**TASK DETAILS**: Exactly the lines below from the one with "#97=CARTESIAN_POINT('',(75.,0.,-40.));" up to and including the one with "#113=CARTESIAN_POINT('',(75.,3.2,-40.));" make up the answer, with nothing else added.

**INFORMATION GIVEN**:
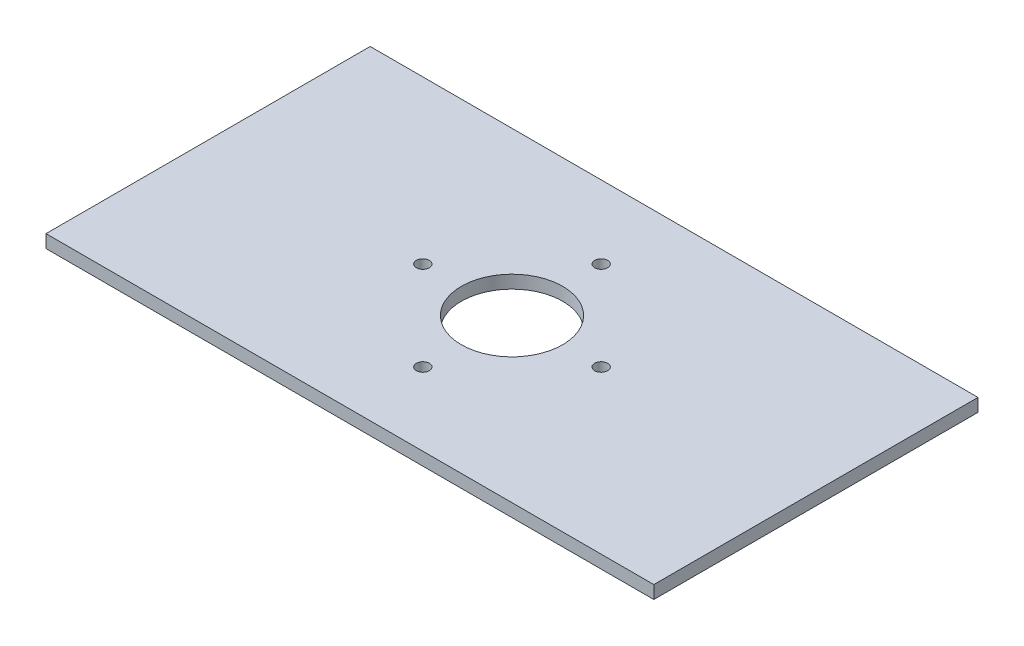
ISO-10303-21;
HEADER;
FILE_DESCRIPTION(('STEP AP214'),'2;1');
FILE_NAME('part.step','',(''),(''),'','','');
FILE_SCHEMA(('AUTOMOTIVE_DESIGN { 1 0 10303 214 1 1 1 1 }'));
ENDSEC;
DATA;
#1=APPLICATION_CONTEXT('core data for automotive mechanical design processes');
#2=APPLICATION_PROTOCOL_DEFINITION('international standard','automotive_design',2000,#1);
#3=PRODUCT_CONTEXT('',#1,'mechanical');
#4=PRODUCT('Part','Part','',(#3));
#5=PRODUCT_RELATED_PRODUCT_CATEGORY('part','',(#4));
#6=PRODUCT_DEFINITION_FORMATION('','',#4);
#7=PRODUCT_DEFINITION_CONTEXT('part definition',#1,'design');
#8=PRODUCT_DEFINITION('design','',#6,#7);
#9=PRODUCT_DEFINITION_SHAPE('','',#8);
#10=(LENGTH_UNIT() NAMED_UNIT(*) SI_UNIT(.MILLI.,.METRE.));
#11=(NAMED_UNIT(*) PLANE_ANGLE_UNIT() SI_UNIT($,.RADIAN.));
#12=(NAMED_UNIT(*) SI_UNIT($,.STERADIAN.) SOLID_ANGLE_UNIT());
#13=UNCERTAINTY_MEASURE_WITH_UNIT(LENGTH_MEASURE(1.E-05),#10,'distance_accuracy_value','');
#14=(GEOMETRIC_REPRESENTATION_CONTEXT(3) GLOBAL_UNCERTAINTY_ASSIGNED_CONTEXT((#13)) GLOBAL_UNIT_ASSIGNED_CONTEXT((#10,
#11,#12)) REPRESENTATION_CONTEXT('',''));
#15=CARTESIAN_POINT('',(0.,0.,0.));
#16=DIRECTION('',(0.,0.,1.));
#17=DIRECTION('',(1.,0.,0.));
#18=AXIS2_PLACEMENT_3D('',#15,#16,#17);
#19=CARTESIAN_POINT('',(-75.,3.2,-40.));
#20=DIRECTION('',(1.,0.,0.));
#21=DIRECTION('',(0.,0.,-1.));
#22=AXIS2_PLACEMENT_3D('',#19,#20,#21);
#23=PLANE('',#22);
#24=DIRECTION('',(0.,0.,1.));
#25=VECTOR('',#24,1.);
#26=CARTESIAN_POINT('',(-75.,0.,-40.));
#27=LINE('',#26,#25);
#28=CARTESIAN_POINT('',(-75.,0.,-40.));
#29=VERTEX_POINT('',#28);
#30=CARTESIAN_POINT('',(-75.,0.,40.));
#31=VERTEX_POINT('',#30);
#32=EDGE_CURVE('E106',#29,#31,#27,.T.);
#33=ORIENTED_EDGE('',*,*,#32,.T.);
#34=DIRECTION('',(0.,-1.,0.));
#35=VECTOR('',#34,1.);
#36=CARTESIAN_POINT('',(-75.,3.2,40.));
#37=LINE('',#36,#35);
#38=CARTESIAN_POINT('',(-75.,3.2,40.));
#39=VERTEX_POINT('',#38);
#40=EDGE_CURVE('E11',#39,#31,#37,.T.);
#41=ORIENTED_EDGE('',*,*,#40,.F.);
#42=DIRECTION('',(0.,0.,1.));
#43=VECTOR('',#42,1.);
#44=CARTESIAN_POINT('',(-75.,3.2,-40.));
#45=LINE('',#44,#43);
#46=CARTESIAN_POINT('',(-75.,3.2,-40.));
#47=VERTEX_POINT('',#46);
#48=EDGE_CURVE('E94',#47,#39,#45,.T.);
#49=ORIENTED_EDGE('',*,*,#48,.F.);
#50=DIRECTION('',(0.,-1.,0.));
#51=VECTOR('',#50,1.);
#52=CARTESIAN_POINT('',(-75.,3.2,-40.));
#53=LINE('',#52,#51);
#54=EDGE_CURVE('E102',#47,#29,#53,.T.);
#55=ORIENTED_EDGE('',*,*,#54,.T.);
#56=EDGE_LOOP('',(#33,#41,#49,#55));
#57=FACE_BOUND('',#56,.T.);
#58=ADVANCED_FACE('F43',(#57),#23,.F.);
#59=CARTESIAN_POINT('',(-75.,3.2,40.));
#60=DIRECTION('',(0.,0.,-1.));
#61=DIRECTION('',(-1.,0.,0.));
#62=AXIS2_PLACEMENT_3D('',#59,#60,#61);
#63=PLANE('',#62);
#64=DIRECTION('',(1.,0.,0.));
#65=VECTOR('',#64,1.);
#66=CARTESIAN_POINT('',(-75.,0.,40.));
#67=LINE('',#66,#65);
#68=CARTESIAN_POINT('',(75.,0.,40.));
#69=VERTEX_POINT('',#68);
#70=EDGE_CURVE('E98',#31,#69,#67,.T.);
#71=ORIENTED_EDGE('',*,*,#70,.T.);
#72=DIRECTION('',(0.,-1.,0.));
#73=VECTOR('',#72,1.);
#74=CARTESIAN_POINT('',(75.,3.2,40.));
#75=LINE('',#74,#73);
#76=CARTESIAN_POINT('',(75.,3.2,40.));
#77=VERTEX_POINT('',#76);
#78=EDGE_CURVE('E51',#77,#69,#75,.T.);
#79=ORIENTED_EDGE('',*,*,#78,.F.);
#80=DIRECTION('',(1.,0.,0.));
#81=VECTOR('',#80,1.);
#82=CARTESIAN_POINT('',(-75.,3.2,40.));
#83=LINE('',#82,#81);
#84=EDGE_CURVE('E89',#39,#77,#83,.T.);
#85=ORIENTED_EDGE('',*,*,#84,.F.);
#86=ORIENTED_EDGE('',*,*,#40,.T.);
#87=EDGE_LOOP('',(#71,#79,#85,#86));
#88=FACE_BOUND('',#87,.T.);
#89=ADVANCED_FACE('F97',(#88),#63,.F.);
#90=CARTESIAN_POINT('',(75.,3.2,-40.));
#91=DIRECTION('',(-1.,0.,0.));
#92=DIRECTION('',(0.,0.,1.));
#93=AXIS2_PLACEMENT_3D('',#90,#91,#92);
#94=PLANE('',#93);
#95=DIRECTION('',(0.,0.,-1.));
#96=VECTOR('',#95,1.);
#97=CARTESIAN_POINT('',(75.,0.,-40.));
#98=LINE('',#97,#96);
#99=CARTESIAN_POINT('',(75.,0.,-40.));
#100=VERTEX_POINT('',#99);
#101=EDGE_CURVE('E76',#69,#100,#98,.T.);
#102=ORIENTED_EDGE('',*,*,#101,.T.);
#103=DIRECTION('',(0.,-1.,0.));
#104=VECTOR('',#103,1.);
#105=CARTESIAN_POINT('',(75.,3.2,-40.));
#106=LINE('',#105,#104);
#107=CARTESIAN_POINT('',(75.,3.2,-40.));
#108=VERTEX_POINT('',#107);
#109=EDGE_CURVE('E99',#108,#100,#106,.T.);
#110=ORIENTED_EDGE('',*,*,#109,.F.);
#111=DIRECTION('',(0.,0.,-1.));
#112=VECTOR('',#111,1.);
#113=CARTESIAN_POINT('',(75.,3.2,-40.));
#114=LINE('',#113,#112);
#115=EDGE_CURVE('E92',#77,#108,#114,.T.);
#116=ORIENTED_EDGE('',*,*,#115,.F.);
#117=ORIENTED_EDGE('',*,*,#78,.T.);
#118=EDGE_LOOP('',(#102,#110,#116,#117));
#119=FACE_BOUND('',#118,.T.);
#120=ADVANCED_FACE('F100',(#119),#94,.F.);
#121=CARTESIAN_POINT('',(-75.,3.2,-40.));
#122=DIRECTION('',(0.,0.,1.));
#123=DIRECTION('',(1.,0.,0.));
#124=AXIS2_PLACEMENT_3D('',#121,#122,#123);
#125=PLANE('',#124);
#126=DIRECTION('',(-1.,0.,0.));
#127=VECTOR('',#126,1.);
#128=CARTESIAN_POINT('',(-75.,0.,-40.));
#129=LINE('',#128,#127);
#130=EDGE_CURVE('E82',#100,#29,#129,.T.);
#131=ORIENTED_EDGE('',*,*,#130,.T.);
#132=ORIENTED_EDGE('',*,*,#54,.F.);
#133=DIRECTION('',(-1.,0.,0.));
#134=VECTOR('',#133,1.);
#135=CARTESIAN_POINT('',(-75.,3.2,-40.));
#136=LINE('',#135,#134);
#137=EDGE_CURVE('E59',#108,#47,#136,.T.);
#138=ORIENTED_EDGE('',*,*,#137,.F.);
#139=ORIENTED_EDGE('',*,*,#109,.T.);
#140=EDGE_LOOP('',(#131,#132,#138,#139));
#141=FACE_BOUND('',#140,.T.);
#142=ADVANCED_FACE('F114',(#141),#125,.F.);
#143=CARTESIAN_POINT('',(0.,3.2,0.));
#144=DIRECTION('',(0.,1.,0.));
#145=DIRECTION('',(0.,0.,1.));
#146=AXIS2_PLACEMENT_3D('',#143,#144,#145);
#147=PLANE('',#146);
#148=CARTESIAN_POINT('',(-22.,3.2,0.));
#149=DIRECTION('',(0.,1.,0.));
#150=DIRECTION('',(0.,0.,1.));
#151=AXIS2_PLACEMENT_3D('',#148,#149,#150);
#152=CIRCLE('',#151,1.60000000000001);
#153=CARTESIAN_POINT('',(-22.,3.2,1.60000000000002));
#154=VERTEX_POINT('',#153);
#155=EDGE_CURVE('E142',#154,#154,#152,.T.);
#156=ORIENTED_EDGE('',*,*,#155,.F.);
#157=EDGE_LOOP('',(#156));
#158=FACE_BOUND('',#157,.T.);
#159=CARTESIAN_POINT('',(0.,3.2,-22.));
#160=DIRECTION('',(0.,1.,0.));
#161=DIRECTION('',(0.,0.,1.));
#162=AXIS2_PLACEMENT_3D('',#159,#160,#161);
#163=CIRCLE('',#162,1.60000000000001);
#164=CARTESIAN_POINT('',(0.,3.2,-20.4));
#165=VERTEX_POINT('',#164);
#166=EDGE_CURVE('E139',#165,#165,#163,.T.);
#167=ORIENTED_EDGE('',*,*,#166,.F.);
#168=EDGE_LOOP('',(#167));
#169=FACE_BOUND('',#168,.T.);
#170=CARTESIAN_POINT('',(22.,3.2,0.));
#171=DIRECTION('',(0.,1.,0.));
#172=DIRECTION('',(0.,0.,1.));
#173=AXIS2_PLACEMENT_3D('',#170,#171,#172);
#174=CIRCLE('',#173,1.60000000000001);
#175=CARTESIAN_POINT('',(22.,3.2,1.60000000000001));
#176=VERTEX_POINT('',#175);
#177=EDGE_CURVE('E133',#176,#176,#174,.T.);
#178=ORIENTED_EDGE('',*,*,#177,.F.);
#179=EDGE_LOOP('',(#178));
#180=FACE_BOUND('',#179,.T.);
#181=CARTESIAN_POINT('',(0.,3.2,22.));
#182=DIRECTION('',(0.,1.,0.));
#183=DIRECTION('',(0.,0.,1.));
#184=AXIS2_PLACEMENT_3D('',#181,#182,#183);
#185=CIRCLE('',#184,1.60000000000001);
#186=CARTESIAN_POINT('',(0.,3.2,23.6));
#187=VERTEX_POINT('',#186);
#188=EDGE_CURVE('E126',#187,#187,#185,.T.);
#189=ORIENTED_EDGE('',*,*,#188,.F.);
#190=EDGE_LOOP('',(#189));
#191=FACE_BOUND('',#190,.T.);
#192=CARTESIAN_POINT('',(0.,3.2,0.));
#193=DIRECTION('',(0.,1.,0.));
#194=DIRECTION('',(0.,0.,1.));
#195=AXIS2_PLACEMENT_3D('',#192,#193,#194);
#196=CIRCLE('',#195,12.5);
#197=CARTESIAN_POINT('',(0.,3.2,12.5));
#198=VERTEX_POINT('',#197);
#199=EDGE_CURVE('E122',#198,#198,#196,.T.);
#200=ORIENTED_EDGE('',*,*,#199,.F.);
#201=EDGE_LOOP('',(#200));
#202=FACE_BOUND('',#201,.T.);
#203=ORIENTED_EDGE('',*,*,#48,.T.);
#204=ORIENTED_EDGE('',*,*,#84,.T.);
#205=ORIENTED_EDGE('',*,*,#115,.T.);
#206=ORIENTED_EDGE('',*,*,#137,.T.);
#207=EDGE_LOOP('',(#203,#204,#205,#206));
#208=FACE_BOUND('',#207,.T.);
#209=ADVANCED_FACE('F90',(#158,#169,#180,#191,#202,#208),#147,.T.);
#210=CARTESIAN_POINT('',(0.,0.,0.));
#211=DIRECTION('',(0.,1.,0.));
#212=DIRECTION('',(0.,0.,1.));
#213=AXIS2_PLACEMENT_3D('',#210,#211,#212);
#214=PLANE('',#213);
#215=CARTESIAN_POINT('',(-22.,0.,0.));
#216=DIRECTION('',(0.,1.,0.));
#217=DIRECTION('',(0.,0.,1.));
#218=AXIS2_PLACEMENT_3D('',#215,#216,#217);
#219=CIRCLE('',#218,1.60000000000001);
#220=CARTESIAN_POINT('',(-22.,0.,1.60000000000002));
#221=VERTEX_POINT('',#220);
#222=EDGE_CURVE('E125',#221,#221,#219,.F.);
#223=ORIENTED_EDGE('',*,*,#222,.F.);
#224=EDGE_LOOP('',(#223));
#225=FACE_BOUND('',#224,.T.);
#226=CARTESIAN_POINT('',(0.,0.,-22.));
#227=DIRECTION('',(0.,1.,0.));
#228=DIRECTION('',(0.,0.,1.));
#229=AXIS2_PLACEMENT_3D('',#226,#227,#228);
#230=CIRCLE('',#229,1.60000000000001);
#231=CARTESIAN_POINT('',(0.,0.,-20.4));
#232=VERTEX_POINT('',#231);
#233=EDGE_CURVE('E136',#232,#232,#230,.F.);
#234=ORIENTED_EDGE('',*,*,#233,.F.);
#235=EDGE_LOOP('',(#234));
#236=FACE_BOUND('',#235,.T.);
#237=CARTESIAN_POINT('',(22.,0.,0.));
#238=DIRECTION('',(0.,1.,0.));
#239=DIRECTION('',(0.,0.,1.));
#240=AXIS2_PLACEMENT_3D('',#237,#238,#239);
#241=CIRCLE('',#240,1.60000000000001);
#242=CARTESIAN_POINT('',(22.,0.,1.60000000000001));
#243=VERTEX_POINT('',#242);
#244=EDGE_CURVE('E129',#243,#243,#241,.F.);
#245=ORIENTED_EDGE('',*,*,#244,.F.);
#246=EDGE_LOOP('',(#245));
#247=FACE_BOUND('',#246,.T.);
#248=CARTESIAN_POINT('',(0.,0.,22.));
#249=DIRECTION('',(0.,1.,0.));
#250=DIRECTION('',(0.,0.,1.));
#251=AXIS2_PLACEMENT_3D('',#248,#249,#250);
#252=CIRCLE('',#251,1.60000000000001);
#253=CARTESIAN_POINT('',(0.,0.,23.6));
#254=VERTEX_POINT('',#253);
#255=EDGE_CURVE('E130',#254,#254,#252,.F.);
#256=ORIENTED_EDGE('',*,*,#255,.F.);
#257=EDGE_LOOP('',(#256));
#258=FACE_BOUND('',#257,.T.);
#259=CARTESIAN_POINT('',(0.,0.,0.));
#260=DIRECTION('',(0.,1.,0.));
#261=DIRECTION('',(0.,0.,1.));
#262=AXIS2_PLACEMENT_3D('',#259,#260,#261);
#263=CIRCLE('',#262,12.5);
#264=CARTESIAN_POINT('',(0.,0.,12.5));
#265=VERTEX_POINT('',#264);
#266=EDGE_CURVE('E109',#265,#265,#263,.F.);
#267=ORIENTED_EDGE('',*,*,#266,.F.);
#268=EDGE_LOOP('',(#267));
#269=FACE_BOUND('',#268,.T.);
#270=ORIENTED_EDGE('',*,*,#32,.F.);
#271=ORIENTED_EDGE('',*,*,#130,.F.);
#272=ORIENTED_EDGE('',*,*,#101,.F.);
#273=ORIENTED_EDGE('',*,*,#70,.F.);
#274=EDGE_LOOP('',(#270,#271,#272,#273));
#275=FACE_BOUND('',#274,.T.);
#276=ADVANCED_FACE('F117',(#225,#236,#247,#258,#269,#275),#214,.F.);
#277=CARTESIAN_POINT('',(0.,-35.3553390593274,0.));
#278=DIRECTION('',(0.,1.,0.));
#279=DIRECTION('',(0.,0.,1.));
#280=AXIS2_PLACEMENT_3D('',#277,#278,#279);
#281=CYLINDRICAL_SURFACE('',#280,12.5);
#282=ORIENTED_EDGE('',*,*,#266,.T.);
#283=EDGE_LOOP('',(#282));
#284=FACE_BOUND('',#283,.T.);
#285=ORIENTED_EDGE('',*,*,#199,.T.);
#286=EDGE_LOOP('',(#285));
#287=FACE_BOUND('',#286,.T.);
#288=ADVANCED_FACE('F163',(#284,#287),#281,.F.);
#289=CARTESIAN_POINT('',(0.,-4.52548339959394,22.));
#290=DIRECTION('',(0.,1.,0.));
#291=DIRECTION('',(0.,0.,1.));
#292=AXIS2_PLACEMENT_3D('',#289,#290,#291);
#293=CYLINDRICAL_SURFACE('',#292,1.60000000000001);
#294=ORIENTED_EDGE('',*,*,#255,.T.);
#295=EDGE_LOOP('',(#294));
#296=FACE_BOUND('',#295,.T.);
#297=ORIENTED_EDGE('',*,*,#188,.T.);
#298=EDGE_LOOP('',(#297));
#299=FACE_BOUND('',#298,.T.);
#300=ADVANCED_FACE('F165',(#296,#299),#293,.F.);
#301=CARTESIAN_POINT('',(22.,-4.52548339959394,0.));
#302=DIRECTION('',(0.,1.,0.));
#303=DIRECTION('',(0.,0.,1.));
#304=AXIS2_PLACEMENT_3D('',#301,#302,#303);
#305=CYLINDRICAL_SURFACE('',#304,1.60000000000001);
#306=ORIENTED_EDGE('',*,*,#244,.T.);
#307=EDGE_LOOP('',(#306));
#308=FACE_BOUND('',#307,.T.);
#309=ORIENTED_EDGE('',*,*,#177,.T.);
#310=EDGE_LOOP('',(#309));
#311=FACE_BOUND('',#310,.T.);
#312=ADVANCED_FACE('F172',(#308,#311),#305,.F.);
#313=CARTESIAN_POINT('',(0.,-4.52548339959394,-22.));
#314=DIRECTION('',(0.,1.,0.));
#315=DIRECTION('',(0.,0.,1.));
#316=AXIS2_PLACEMENT_3D('',#313,#314,#315);
#317=CYLINDRICAL_SURFACE('',#316,1.60000000000001);
#318=ORIENTED_EDGE('',*,*,#233,.T.);
#319=EDGE_LOOP('',(#318));
#320=FACE_BOUND('',#319,.T.);
#321=ORIENTED_EDGE('',*,*,#166,.T.);
#322=EDGE_LOOP('',(#321));
#323=FACE_BOUND('',#322,.T.);
#324=ADVANCED_FACE('F231',(#320,#323),#317,.F.);
#325=CARTESIAN_POINT('',(-22.,-4.52548339959394,0.));
#326=DIRECTION('',(0.,1.,0.));
#327=DIRECTION('',(0.,0.,1.));
#328=AXIS2_PLACEMENT_3D('',#325,#326,#327);
#329=CYLINDRICAL_SURFACE('',#328,1.60000000000001);
#330=ORIENTED_EDGE('',*,*,#222,.T.);
#331=EDGE_LOOP('',(#330));
#332=FACE_BOUND('',#331,.T.);
#333=ORIENTED_EDGE('',*,*,#155,.T.);
#334=EDGE_LOOP('',(#333));
#335=FACE_BOUND('',#334,.T.);
#336=ADVANCED_FACE('F150',(#332,#335),#329,.F.);
#337=CLOSED_SHELL('',(#58,#89,#120,#142,#209,#276,#288,#300,#312,#324,#336));
#338=MANIFOLD_SOLID_BREP('B2',#337);
#339=ADVANCED_BREP_SHAPE_REPRESENTATION('',(#18,#338),#14);
#340=SHAPE_DEFINITION_REPRESENTATION(#9,#339);
ENDSEC;
END-ISO-10303-21;

**WRITTEN SOLUTION**:
#97=CARTESIAN_POINT('',(75.,0.,-40.));
#98=LINE('',#97,#96);
#99=CARTESIAN_POINT('',(75.,0.,-40.));
#100=VERTEX_POINT('',#99);
#101=EDGE_CURVE('E76',#69,#100,#98,.T.);
#102=ORIENTED_EDGE('',*,*,#101,.T.);
#103=DIRECTION('',(0.,-1.,0.));
#104=VECTOR('',#103,1.);
#105=CARTESIAN_POINT('',(75.,3.2,-40.));
#106=LINE('',#105,#104);
#107=CARTESIAN_POINT('',(75.,3.2,-40.));
#108=VERTEX_POINT('',#107);
#109=EDGE_CURVE('E99',#108,#100,#106,.T.);
#110=ORIENTED_EDGE('',*,*,#109,.F.);
#111=DIRECTION('',(0.,0.,-1.));
#112=VECTOR('',#111,1.);
#113=CARTESIAN_POINT('',(75.,3.2,-40.));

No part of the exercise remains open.